Czech Master Resin, 1/72 scale

 

S u m m a r y

Item No. CMR No. 5175 Supermarine Spitfire F.IX - Rolls-Royce Conversion
Contents and Media: 58 cream coloured resin parts; two parts in black resin; two parts in clear resin; four vac-formed clear canopies; colour photo-etch fret; decals for six aircraft; self-adhesive canopy and wheel masks; five A4 sized double-sided instruction sheets including four build diagrams and paint/decal drawings.
Scale 1/72
Price: USD$70.65 available online from Squadron
from
22.12 available online from Hannants
AUD$54.00 from NKR Models
and specialist hobby outlets worldwide
Review Type: FirstLook
Advantages: Highly detailed inside and out, beautifully cast with fine surface detail; impressive colour photo-etched parts by Eduard; includes canopy masks; fairly manageable casting blocks; high-quality decals.
Disadvantages: Experience required; some flash to clean up; roundel red may be slightly too bright.
Recommendation: Highly Recommended to all experienced modellers.

 

Reviewed by Brett Green


CMR's 1/72 scale Spitfire F.IX is available online from Squadron.com

 

Background

 

The Focke-Wulf Fw 190 asserted its authority as soon as it appeared over the Channel Front in September 1941. It was so clearly superior to the Spitfire Mk.V that RAF Fighter Command curtailed operations twice - from November 1941 to March 1942, and again from 13 June 1942, due to unacceptably high losses against the Luftwaffe's "Butcher Bird".

The Rolls-Royce Merlin 60 series engines would offer the Spitfire the essential edge it needed to balance the scales against this new foe, but the high altitude Spitfire Mk.VII and the unpressurised Mk.VIII were still many months away from production.

An interim proposal was therefore made to provide a suitable solution in a more timely fashion.

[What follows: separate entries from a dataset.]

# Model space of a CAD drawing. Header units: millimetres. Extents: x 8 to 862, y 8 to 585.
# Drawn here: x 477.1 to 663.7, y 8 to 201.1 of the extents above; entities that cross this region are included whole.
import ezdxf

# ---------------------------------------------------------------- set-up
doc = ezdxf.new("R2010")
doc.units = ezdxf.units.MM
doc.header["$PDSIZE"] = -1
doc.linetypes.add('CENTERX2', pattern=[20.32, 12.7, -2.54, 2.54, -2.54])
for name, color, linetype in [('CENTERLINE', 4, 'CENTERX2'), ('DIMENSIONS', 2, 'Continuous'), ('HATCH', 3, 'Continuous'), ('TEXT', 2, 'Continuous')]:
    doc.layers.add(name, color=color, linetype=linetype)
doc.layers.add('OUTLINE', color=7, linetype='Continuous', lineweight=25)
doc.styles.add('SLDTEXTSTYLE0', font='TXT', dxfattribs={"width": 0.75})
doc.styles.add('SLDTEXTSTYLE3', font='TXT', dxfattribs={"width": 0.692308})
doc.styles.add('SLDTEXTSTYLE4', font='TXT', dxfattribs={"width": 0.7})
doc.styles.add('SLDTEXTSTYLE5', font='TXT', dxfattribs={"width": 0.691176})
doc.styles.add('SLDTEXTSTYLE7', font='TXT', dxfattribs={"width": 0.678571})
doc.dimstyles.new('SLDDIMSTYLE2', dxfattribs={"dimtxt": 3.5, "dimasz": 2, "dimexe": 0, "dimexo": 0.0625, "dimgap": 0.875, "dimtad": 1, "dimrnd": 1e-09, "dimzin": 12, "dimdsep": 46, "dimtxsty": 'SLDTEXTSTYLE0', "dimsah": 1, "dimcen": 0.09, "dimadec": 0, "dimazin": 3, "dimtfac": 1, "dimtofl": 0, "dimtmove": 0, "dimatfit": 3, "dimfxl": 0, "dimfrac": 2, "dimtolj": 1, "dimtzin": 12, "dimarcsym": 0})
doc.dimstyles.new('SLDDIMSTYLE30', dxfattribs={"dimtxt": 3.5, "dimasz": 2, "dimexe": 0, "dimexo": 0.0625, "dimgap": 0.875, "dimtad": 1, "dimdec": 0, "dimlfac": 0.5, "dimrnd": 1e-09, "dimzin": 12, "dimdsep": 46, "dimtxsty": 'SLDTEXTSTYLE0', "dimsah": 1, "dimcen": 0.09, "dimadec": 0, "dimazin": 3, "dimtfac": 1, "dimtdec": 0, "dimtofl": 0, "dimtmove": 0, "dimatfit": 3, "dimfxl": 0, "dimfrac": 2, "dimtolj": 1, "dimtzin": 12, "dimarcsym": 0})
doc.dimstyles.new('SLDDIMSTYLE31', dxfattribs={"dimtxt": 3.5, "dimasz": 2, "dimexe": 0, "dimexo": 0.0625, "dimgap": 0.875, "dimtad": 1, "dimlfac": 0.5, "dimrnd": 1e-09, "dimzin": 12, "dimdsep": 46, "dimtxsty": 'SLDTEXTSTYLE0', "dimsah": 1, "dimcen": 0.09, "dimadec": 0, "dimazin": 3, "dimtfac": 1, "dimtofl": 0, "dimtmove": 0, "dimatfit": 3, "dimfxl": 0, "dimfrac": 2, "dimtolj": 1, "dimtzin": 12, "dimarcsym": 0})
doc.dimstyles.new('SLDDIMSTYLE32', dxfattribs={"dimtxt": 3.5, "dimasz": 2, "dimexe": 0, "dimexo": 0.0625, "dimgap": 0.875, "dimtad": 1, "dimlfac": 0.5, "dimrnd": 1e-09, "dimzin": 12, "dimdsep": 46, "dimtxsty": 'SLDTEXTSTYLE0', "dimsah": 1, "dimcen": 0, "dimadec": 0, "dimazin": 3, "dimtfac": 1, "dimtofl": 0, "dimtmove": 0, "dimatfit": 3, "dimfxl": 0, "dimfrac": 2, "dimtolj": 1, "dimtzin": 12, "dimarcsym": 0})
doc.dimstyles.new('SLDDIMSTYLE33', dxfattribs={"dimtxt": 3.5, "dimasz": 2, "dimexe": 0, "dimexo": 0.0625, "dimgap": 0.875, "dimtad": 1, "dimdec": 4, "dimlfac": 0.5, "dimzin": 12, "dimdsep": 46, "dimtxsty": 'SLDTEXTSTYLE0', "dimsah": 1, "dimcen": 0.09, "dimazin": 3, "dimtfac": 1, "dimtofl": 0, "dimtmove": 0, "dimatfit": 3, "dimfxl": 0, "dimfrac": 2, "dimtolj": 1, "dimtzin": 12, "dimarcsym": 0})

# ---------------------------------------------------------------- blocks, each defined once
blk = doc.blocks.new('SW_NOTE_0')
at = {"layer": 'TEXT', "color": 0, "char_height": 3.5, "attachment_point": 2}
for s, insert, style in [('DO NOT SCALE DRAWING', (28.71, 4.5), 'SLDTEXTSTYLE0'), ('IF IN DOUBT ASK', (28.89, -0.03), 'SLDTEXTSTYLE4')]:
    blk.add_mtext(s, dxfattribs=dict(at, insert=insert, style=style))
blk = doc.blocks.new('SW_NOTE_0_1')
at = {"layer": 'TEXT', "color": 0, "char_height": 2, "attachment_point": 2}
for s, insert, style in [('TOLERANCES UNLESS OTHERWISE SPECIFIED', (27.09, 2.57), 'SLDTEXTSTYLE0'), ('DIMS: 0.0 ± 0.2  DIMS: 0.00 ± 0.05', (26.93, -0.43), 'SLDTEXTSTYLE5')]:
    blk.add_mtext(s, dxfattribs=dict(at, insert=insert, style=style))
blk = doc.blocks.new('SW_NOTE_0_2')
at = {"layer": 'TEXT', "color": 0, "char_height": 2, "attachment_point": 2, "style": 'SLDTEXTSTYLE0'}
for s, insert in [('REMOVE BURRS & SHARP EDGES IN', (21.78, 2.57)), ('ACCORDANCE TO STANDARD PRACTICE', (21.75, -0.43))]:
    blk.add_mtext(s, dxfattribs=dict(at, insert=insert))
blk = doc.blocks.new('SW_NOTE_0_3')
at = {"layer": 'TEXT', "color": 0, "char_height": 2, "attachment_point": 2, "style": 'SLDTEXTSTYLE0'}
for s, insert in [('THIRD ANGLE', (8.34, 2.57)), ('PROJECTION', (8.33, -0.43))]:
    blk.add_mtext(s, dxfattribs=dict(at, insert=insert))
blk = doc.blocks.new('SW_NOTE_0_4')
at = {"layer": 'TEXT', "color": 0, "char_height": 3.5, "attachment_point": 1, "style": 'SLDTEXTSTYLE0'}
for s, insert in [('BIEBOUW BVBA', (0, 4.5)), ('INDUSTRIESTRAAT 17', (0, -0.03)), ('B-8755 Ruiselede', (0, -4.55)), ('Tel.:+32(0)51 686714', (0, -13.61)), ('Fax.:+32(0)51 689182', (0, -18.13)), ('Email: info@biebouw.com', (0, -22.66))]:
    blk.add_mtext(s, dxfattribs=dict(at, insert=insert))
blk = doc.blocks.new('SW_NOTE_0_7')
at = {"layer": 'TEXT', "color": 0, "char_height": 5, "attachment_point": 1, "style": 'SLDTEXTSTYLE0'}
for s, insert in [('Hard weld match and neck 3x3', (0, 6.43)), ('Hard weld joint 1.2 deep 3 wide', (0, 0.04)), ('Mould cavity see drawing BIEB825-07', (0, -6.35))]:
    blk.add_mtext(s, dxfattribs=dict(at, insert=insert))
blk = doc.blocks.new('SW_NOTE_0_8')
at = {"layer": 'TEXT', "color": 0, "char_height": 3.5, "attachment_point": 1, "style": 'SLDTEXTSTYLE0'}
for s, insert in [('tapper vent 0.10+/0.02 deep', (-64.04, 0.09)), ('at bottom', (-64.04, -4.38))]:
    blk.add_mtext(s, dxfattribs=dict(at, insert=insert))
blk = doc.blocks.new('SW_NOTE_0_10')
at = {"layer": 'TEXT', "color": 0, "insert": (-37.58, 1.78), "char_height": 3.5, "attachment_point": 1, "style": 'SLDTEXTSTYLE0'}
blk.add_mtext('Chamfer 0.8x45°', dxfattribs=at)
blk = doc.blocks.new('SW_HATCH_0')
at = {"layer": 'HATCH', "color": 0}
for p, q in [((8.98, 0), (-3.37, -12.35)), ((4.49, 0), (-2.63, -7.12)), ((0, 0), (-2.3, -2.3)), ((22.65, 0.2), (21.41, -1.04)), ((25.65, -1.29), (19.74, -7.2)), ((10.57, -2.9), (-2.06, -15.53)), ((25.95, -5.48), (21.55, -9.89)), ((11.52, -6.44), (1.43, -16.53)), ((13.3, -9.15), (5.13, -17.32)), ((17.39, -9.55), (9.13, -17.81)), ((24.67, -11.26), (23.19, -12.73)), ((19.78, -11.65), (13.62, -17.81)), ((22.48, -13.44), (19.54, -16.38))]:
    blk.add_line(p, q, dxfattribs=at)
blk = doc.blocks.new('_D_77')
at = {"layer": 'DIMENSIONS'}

The Merlin 61 engine would be fitted to the existing Spitfire Mk.V airframe, matching the Fw 190s performance at medium and high altitudes. This aircraft was known as the Spitfire F.Mk.IX, Type No.361.

 

 

These early Spitfire IX conversions were undertaken by Rolls-Royce and could be distinguished by their hand-made extended cowls with additional lumps and bumps to accommodate the new engine. The close cowls were streamlined in later full production batches of the Spitfire Mk.IX.

 

 

FirstLook

 

As far as I am aware, this is the first time that the early Rolls-Royce conversion has been offered as a full kit in any scale.

Czech Master Resin's 1/72 scale Spitfire F.IX Rolls-Royce Conversion comprises 62 resin parts, a pre-painted photo-etch fret, four vacformed canopies, canopy masks and markings for six aircraft.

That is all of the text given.